If your company does pay its bills on time, make sure it is registered with the secretary of state where you're incorporated. This ensures that basic information on your business is fed to the commercial credit bureaus. (Lack of commercial data is one reason lenders are so dependent on personal credit history.) Also, try to do business with larger vendors. They're more likely to report their data to the commercial credit bureaus than a local mom- and-pop stationery store.

If you do get turned down, ask to see copies of the information used to make the decision. Lenders must provide you with an explanation within 30 days--whether it was due to the score or a decision overlay--and on which items you fell furthest from the mark, says Asch. After that, it's your job to figure out how to make the numbers look better or appeal for a "low-side override," a form of intervention by a traditional human bank official that works for about 5% of all loans, says Astebro. If you fear that your credit rating is weak but your company's finances are great, include a financial statement with your application. Or perhaps you can find a lender who doesn't rely on credit scoring. But with the industry embracing the paint-by-numbers approach, don't bank on it.

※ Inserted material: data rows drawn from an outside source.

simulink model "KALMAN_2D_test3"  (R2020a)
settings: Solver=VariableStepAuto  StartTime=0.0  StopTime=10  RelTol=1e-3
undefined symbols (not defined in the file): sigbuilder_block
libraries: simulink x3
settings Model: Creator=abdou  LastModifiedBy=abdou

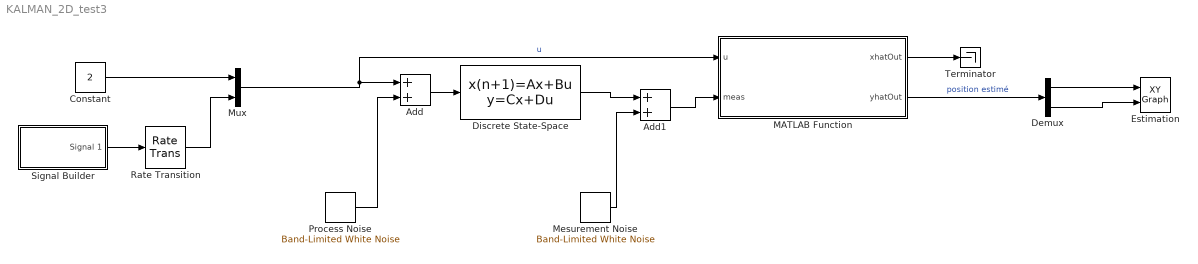
== system KALMAN_2D_test3 ==
  Add : Sum
  Add1 : Sum
  Constant : Constant  Value=2
  Demux : Demux  Outputs=2
  Discrete State-Space : DiscreteStateSpace  A=[1 0; 0 1]  B=[0.1 0; 0 0.1]  C=[1 0; 0 1]  D=[0 0; 0 0]  SampleTime=-1
  Estimation : simulink/Sinks/XY Graph  xmin=0  xmax=20  ymin=-0.2  ymax=0.2  st=-1
  MATLAB Function : MATLAB Function  TreatAsAtomicUnit=on
  Mesurement Noise : simulink/Sources/Band-Limited White Noise  Cov=[1 1]  Ts=0.1  seed=[23341]
  Mux : Mux  Inputs=2
  "Process Noise " : simulink/Sources/Band-Limited White Noise  Cov=[0.3 0.3]  Ts=0.1  seed=[23341]
  Rate Transition : RateTransition
  Signal Builder : Subsystem  Tag=STV Subsys  LoadFcn=sigbuilder_block('load');  StartFcn=sigbuilder_block('start');  StopFcn=sigbuilder_block('stop');  ClipboardFcn=sigbuilder_block('clipboard');  mask(Sigbuilder block){tuvar=[0:10]}
      mask help: Simulink:masks:SigbuilderBlock_MD
      mask init:
      | if ~strcmp(get_param(bdroot(gcbh),'SimulationStatus'),'stopped') tuvar = sigbuilder_block('maskInit'); end
      settings: CopyFcn=sigbuilder_block('copy');  DeleteFcn=sigbuilder_block('delete');  ModelCloseFcn=sigbuilder_block('modelClose');  PreSaveFcn=sigbuilder_block('preSave');  PauseFcn=sigbuilder_block('pause');  ContinueFcn=sigbuilder_block('continue');  NameChangeFcn=sigbuilder_block('namechange');  OpenFcn=sigbuilder_block('open',[6 30 1012.5 447.75 ]);  CloseFcn=sigbuilder_block('close');
      mask Display: plot(0, 0, 100, 100,[2, 2, 32, 32, 2], [68, 8, 8, 68, 68],[32, 2], [38, 38], [32, 19, 2],[53, 60, 44], [32, 17, 17, 2],[16, 16, 31, 31]);txt = getActiveGroup(gcbh);text(2, 100, txt,'verticalAlignment', 'top');
  Terminator : Terminator
  wires:
  Signal Builder/1(Signal 1) -> Rate Transition/1
  Rate Transition/1 -> Mux/2
  "Process Noise "/1 -> Add/2
  Add1/1 -> MATLAB Function/2(meas)
  Mesurement Noise/1 -> Add1/2
  Demux/1 -> Estimation/1
  Demux/2 -> Estimation/2
  Discrete State-Space/1 -> Add1/1
  Add/1 -> Discrete State-Space/1
  Constant/1 -> Mux/1
  MATLAB Function/2(yhatOut) -> Demux/1  "position estimé"
  Mux/1 -> MATLAB Function/1(u), Add/1  "u"
  MATLAB Function/1(xhatOut) -> Terminator/1

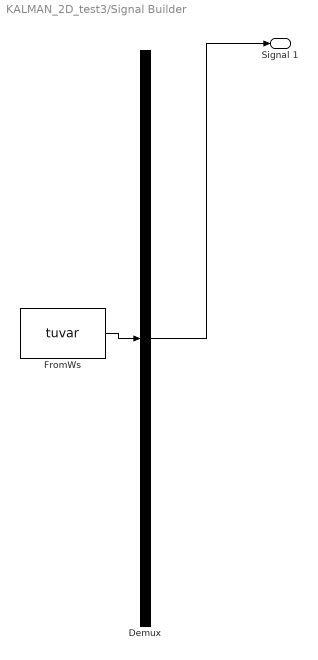
== system KALMAN_2D_test3/Signal Builder ==
  Demux : Demux  Tag=STV Demux  Outputs=1
      settings: DisplayOption=none
  FromWs : FromWorkspace  Tag=STV FromWs  VariableName=tuvar
      SigBuilderData=|
      | common.afterFinalStr = 'Extrapolate'
      | common.sampleTime = 0
      | dataSet.timeRange = [0 10]
      | dataSet.name = 'Group 1'
      | sbobj.Groups.Name = 'Group 1'
      | sbobj.Groups.Signals.Name = 'Signal 1'
      | sbobj.Groups.Signals.XData = [0 5.01 5.01 8 8 10]
      | sbobj.Groups.Signals.YData = [0 0 -1 0.99 -0.01 -0.01]
  Signal 1 : Outport  Tag=STV Outport
  wires:
  FromWs/1 -> Demux/1
  Demux/1 -> Signal 1/1

== matlab function KALMAN_2D_test3/MATLAB Function ==
  settings: updateMethod=DISCRETE
  data: u input; xhatOut output; meas input; yhatOut output
function [xhatOut, yhatOut] = KALMAN(u,meas)

% First time through the code so do some initialization
persistent P xhat A B C Q R
if isempty(P)
   xhat = [0 0]';
   A=[1 0; 0 0]; %define the state matrix
   C=[1 0; 0 1]; %define the output matrix
   B=[0.1 0; 0 0.1]; 
  %define the input matrixl
 
    %standard deviation ax
   segmaux = 7   ;
   segmaualpha= 7; %standard deviation angular speed
  
   measurmentsV=[250.^2  0  ; 0 300.^2];
   R=measurmentsV*C*(C');
   Q=[segmaux.^2 0 ;0 segmaualpha.^2];
   P= [0 0; 0 0];
end
% Propagate the state estimate and covariance matrix:
xhat = A*xhat + B*u;
P = A*P*A' + Q;
% Calculate the Kalman gain
K = P*C'/(C*P*C' + R);
% Calculate the measurement residual
resid = meas - C*xhat;
% Update the state and error covariance estimate
xhat = xhat + K*resid;
P = (eye(size(K,1))-K*C)*P;
% Post the results
xhatOut = xhat;
yhatOut = C*xhatOut;

Checklist: How to Improve Your Score

-- Clean up judgments, liens, collections, or delinquencies on your personal and business files.

-- Settle disputes with suppliers or former employees.

-- Pay your bills on time for at least 12 months. Ask suppliers to time their bills to match your cash flow. Negotiate partial payment, or sell receivables.

-- Consolidate credit-card debt and pay down balances so that they are no more than 50% of their limits.

-- Build your commercial credit record. Register with the secretary of state where your company is incorporated. Buy from vendors who report payments to credit bureaus.